Java Extends vs Implements With Example Program

public class Test
{
   public static void main(String[] args)
   {
       StringBuffer sbr = new StringBuffer("Data");
       String str = sbr.toString();
       StringBuilder sbl = new StringBuilder(str);
       System.out.println(sbl);
   }
}

iii. From String to StringBuffer and StringBuilder

We can straightforwardly pass String class question StringBuffer and StringBuilder class constructors. As String class is unchanging in java, so to edit a string, we can perform same by changing over it to StringBuffer or StringBuilder class objects. The following is the java program to show the same.

public class Test
{
   public static void main(String[] args)
   {
       String str = "Data";
       StringBuffer sbr = new StringBuffer(str);
       sbr.reverse();
       System.out.println(sbr);
       StringBuilder sbl = new StringBuilder(str);
       sbl.append("Flair");
       System.out.println(sbl);
   }
}
Java Quiz

4. When to use StringJoiner over StringBuilder

StringJoiner is extremely helpful when you have to join Strings in a Stream.

How to Read Java Console Input | 3 Ways To Read Java Input

Errand: Suppose we need the string “[George:Sally:Fred]”, where we have given a string cluster that contains “George”, “Sally” and “Fred”.

StringJoiner give add(String str) strategy to connect the strings in light of provided delimiter, prefix and addition in the constructor, yet in the event that we utilize StringBuilder to play out our assignment then first we need to attach prefix and afterward emphasize through string exhibit and affix the required delimiter after every component lastly add the prefix. The following is the java program to show both ways.

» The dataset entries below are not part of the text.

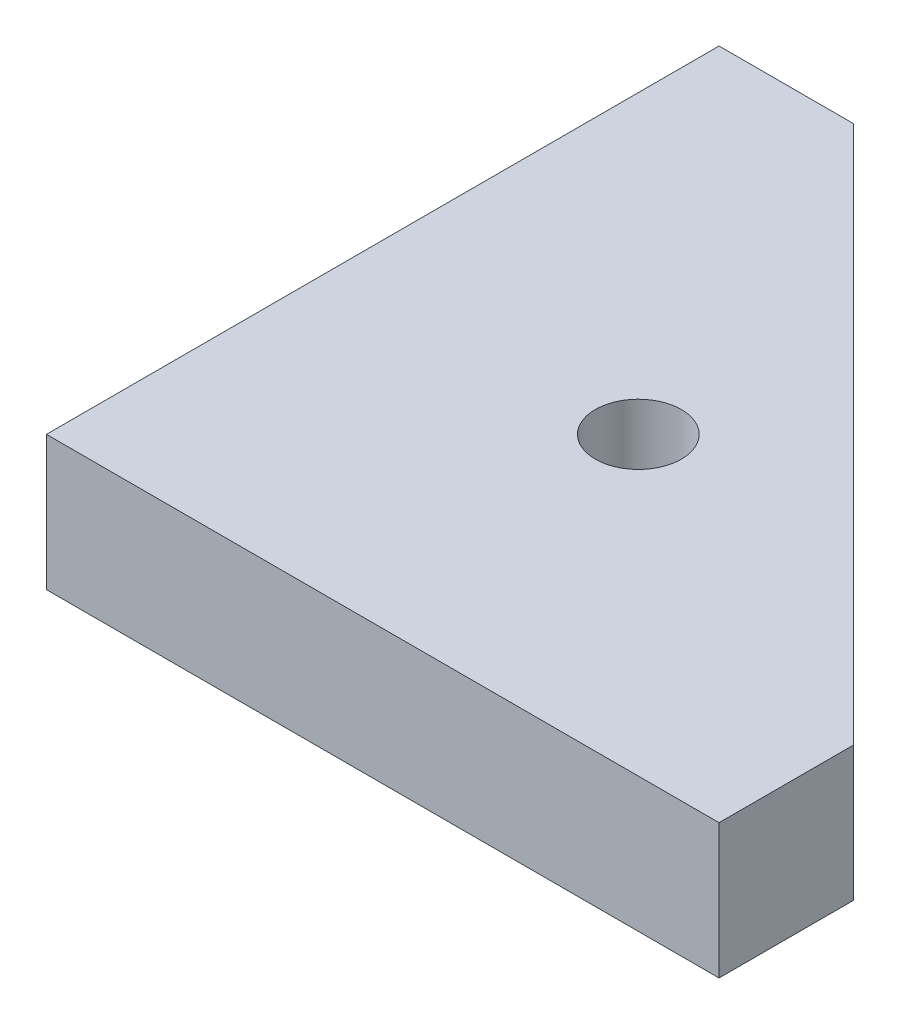
from build123d import *

# Parameters (mm, degrees)
SKETCH_1_R      = 1.6
EXTRUDE_1_DEPTH = 5


with BuildPart() as part:
    # ｽｹｯﾁ1 → ﾎﾞｽ - 押し出し1 (new body)
    with BuildSketch(Plane(origin=(0, 0, 0), x_dir=(1, 0, 0), z_dir=(0, 1, 0))):
        Polygon((25, 5), (5, 25), (0, 25), (0, 0), (25, 0), align=None)
        with Locations((11, 11)):
            Circle(SKETCH_1_R, mode=Mode.SUBTRACT)
    extrude(amount=EXTRUDE_1_DEPTH)


solid = part.part
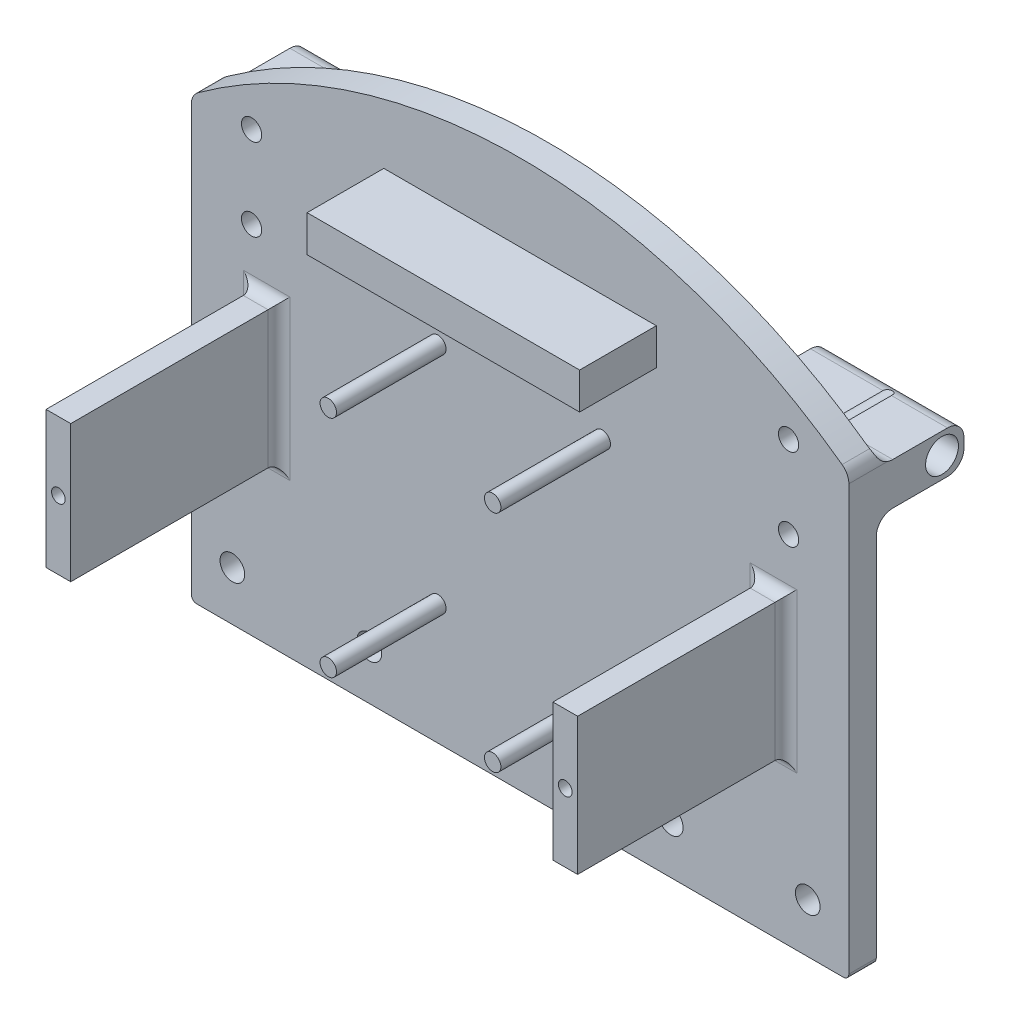
from build123d import *

# Parameters (mm, degrees)
BOSS_EXTRUDE1_DEPTH             = 2.5
SKETCH3_R                       = 2.25
CUT_EXTRUDE1_DEPTH              = 117.726175299
SKETCH4_W                       = 4.5
SKETCH4_H                       = 25
BOSS_EXTRUDE2_DEPTH             = 38
FILLET2_R                       = 2
TAP_DRILL_FOR_M3X0_5_TAP1_D     = 2.5
TAP_DRILL_FOR_M3X0_5_TAP1_DEPTH = 15
TAP_DRILL_FOR_M3X0_5_TAP1_TIP   = 0.751075774
SKETCH4_3_R                     = 1.5
BOSS_EXTRUDE3_DEPTH             = 20
SKETCH8_W                       = 21
SKETCH8_H                       = 7.693946087
SKETCH8_R                       = 3
BOSS_EXTRUDE4_DEPTH             = 25
FILLET3_R                       = 3
FILLET3_OF_MIRROR1_R            = 3
SKETCH9_W                       = 49.73363163
SKETCH9_H                       = 6.646102353
BOSS_EXTRUDE5_DEPTH             = 14
FILLET5_R                       = 3
FILLET6_R                       = 1
SKETCH10_R                      = 1.85
CUT_EXTRUDE2_DEPTH              = 123.653984982


with BuildPart() as part:
    # Sketch1 → Boss-Extrude1 (new, symmetric)
    with BuildSketch(Plane.XY):
        with BuildLine():
            Line((60, 0), (-60, 0))
            Line((-60, 0), (-60, 80))
            ThreePointArc((-60, 80), (0, 100), (60, 80))
            Line((60, 80), (60, 0))
        make_face()
    extrude(amount=BOSS_EXTRUDE1_DEPTH, both=True)

    # Sketch3 → Cut-Extrude1 (cut, through all)
    with BuildSketch(Plane.XY.offset(2.5)):
        with Locations((-52.5, 9)):
            Circle(SKETCH3_R)
        with Locations((-27.5, 9)):
            Circle(SKETCH3_R)
        with Locations((27.5, 9)):
            Circle(SKETCH3_R)
        with Locations((52.5, 9)):
            Circle(SKETCH3_R)
    extrude(amount=-CUT_EXTRUDE1_DEPTH, mode=Mode.SUBTRACT)

    # Sketch4 → Boss-Extrude2 (add)
    with BuildSketch(Plane.XY.offset(2.5)):
        with Locations((-46.25, 42.5)):
            Rectangle(SKETCH4_W, SKETCH4_H)
        with Locations((46.25, 42.5)):
            Rectangle(SKETCH4_W, SKETCH4_H)
    extrude(amount=BOSS_EXTRUDE2_DEPTH)

    # Fillet2
    fillet2_edges = [part.edges().sort_by_distance(p)[0] for p in [
        (46.25, 55, 2.5),
        (44, 42.5, 2.5),
        (46.25, 30, 2.5),
        (48.5, 42.5, 2.5),
        (-46.25, 55, 2.5),
        (-44, 42.5, 2.5),
        (-46.25, 30, 2.5),
        (-48.5, 42.5, 2.5),
    ]]
    fillet(fillet2_edges, radius=FILLET2_R)

    # Tap Drill for M3x0.5 Tap1
    with Locations(Plane.XY.offset(40.5)):
        with Locations((-46.25, 42.5), (46.25, 42.5)):
            Hole(TAP_DRILL_FOR_M3X0_5_TAP1_D / 2, depth=TAP_DRILL_FOR_M3X0_5_TAP1_DEPTH)
            with Locations((0, 0, -(TAP_DRILL_FOR_M3X0_5_TAP1_DEPTH + TAP_DRILL_FOR_M3X0_5_TAP1_TIP / 2))):  # 118° drill point
                Cone(0, TAP_DRILL_FOR_M3X0_5_TAP1_D / 2, TAP_DRILL_FOR_M3X0_5_TAP1_TIP, mode=Mode.SUBTRACT)

    # Sketch4_3 → Boss-Extrude3 (add)
    with BuildSketch(Plane.XY.offset(2.5)):
        with Locations((-15, 63)):
            Circle(SKETCH4_3_R)
        with Locations((-15, 22)):
            Circle(SKETCH4_3_R)
        with Locations((15, 22)):
            Circle(SKETCH4_3_R)
        with Locations((15, 63)):
            Circle(SKETCH4_3_R)
    extrude(amount=BOSS_EXTRUDE3_DEPTH)

    # Sketch8 → Boss-Extrude4 (add)
    with BuildSketch(Plane(origin=(60, 0, 0), x_dir=(0, 0, -1), z_dir=(1, 0, 0))):
        with Locations((8, 74.474861351)):
            Rectangle(SKETCH8_W, SKETCH8_H)
        with Locations((14.5, 74.474861351)):
            Circle(SKETCH8_R, mode=Mode.SUBTRACT)
    boss_extrude4 = extrude(amount=-BOSS_EXTRUDE4_DEPTH)

    # Fillet3
    fillet3_edges = [part.edges().sort_by_distance(p)[0] for p in [
        (47.5, 78.321834394, -18.5),
        (47.5, 78.321834394, -2.5),
        (47.5, 70.627888307, -2.5),
        (47.5, 70.627888307, -18.5),
    ]]
    fillet(fillet3_edges, radius=FILLET3_R)

    # Mirror1: Boss-Extrude4 across plane
    add(boss_extrude4.mirror(Plane(origin=(0, 0, 0), x_dir=(0, 0, 1), z_dir=(1, 0, 0))))

    # Fillet3 of Mirror1
    fillet3_of_mirror1_edges = [part.edges().sort_by_distance(p)[0] for p in [
        (-47.5, 78.321834394, -18.5),
        (-47.5, 78.321834394, -2.5),
        (-47.5, 70.627888307, -2.5),
        (-47.5, 70.627888307, -18.5),
    ]]
    fillet(fillet3_of_mirror1_edges, radius=FILLET3_OF_MIRROR1_R)

    # Sketch9 → Boss-Extrude5 (add)
    with BuildSketch(Plane.XY.offset(2.5)):
        with Locations((0, 82.579227225)):
            Rectangle(SKETCH9_W, SKETCH9_H)
    extrude(amount=BOSS_EXTRUDE5_DEPTH)

    # Fillet5
    fillet5_edges = [part.edges().sort_by_distance(p)[0] for p in [
        (60, 80, -0.153453135),
        (-60, 80, -0.153453135),
    ]]
    fillet(fillet5_edges, radius=FILLET5_R)

    # Fillet6
    fillet6_edges = [part.edges().sort_by_distance(p)[0] for p in [
        (60, 0, 0),
        (-60, 0, 0),
    ]]
    fillet(fillet6_edges, radius=FILLET6_R)

    # Sketch10 → Cut-Extrude2 (cut, through all)
    with BuildSketch(Plane.XY.offset(2.5)):
        with Locations((49, 80)):
            Circle(SKETCH10_R)
        with Locations((49, 65)):
            Circle(SKETCH10_R)
        with Locations((-49, 65)):
            Circle(SKETCH10_R)
        with Locations((-49, 80)):
            Circle(SKETCH10_R)
    extrude(amount=-CUT_EXTRUDE2_DEPTH, mode=Mode.SUBTRACT)


solid = part.part

import java.util.StringJoiner;
public class Test
{
   public static void main(String[] args)
   {
       String str[] = {"George","Sally","Fred"};
       StringJoiner sj = new StringJoiner(":", "[", "]");
       sj.add("George").add("Sally").add("Fred");
       String desiredString = sj.toString();
       System.out.println(desiredString);
       StringBuilder sb = new StringBuilder();
       sb.append("[");
       if(str.length>0)
       {
           sb.append(str[0]);
           for (int i = 1; i < str.length; i++)
           {
               sb.append(":").append(str[i]);
           }
       }
       sb.append("]");
       String desiredString1 = sb.toString();
       System.out.println(desiredString1);
   }
}

Output –
[George:Sally:Fred]

[George:Sally:Fred]

So, this was all about String vs StringBuffer vs StringBuilder in Java. Hope you like our explanation.

Let’s Discuss How to Detect & Reduce Deadlocks in java?

5. Conclusion

Hence, in this Java tutorial, we learned about the String, StringBuffer and StringBuilder class in Java. Moreover, we saw a comparison of String vs StringBuffer vs StringBuilder. Also, we discussed when to use StringJoiner over StringBuider. Furthermore, if you have any query regarding Java String vs StringBuffer vs StringBuilder, feel free to ask through the comment section.

Leave a Reply

Your email address will not be published. Required fields are marked *

This site is protected by reCAPTCHA and the Google Privacy Policy and Terms of Service apply.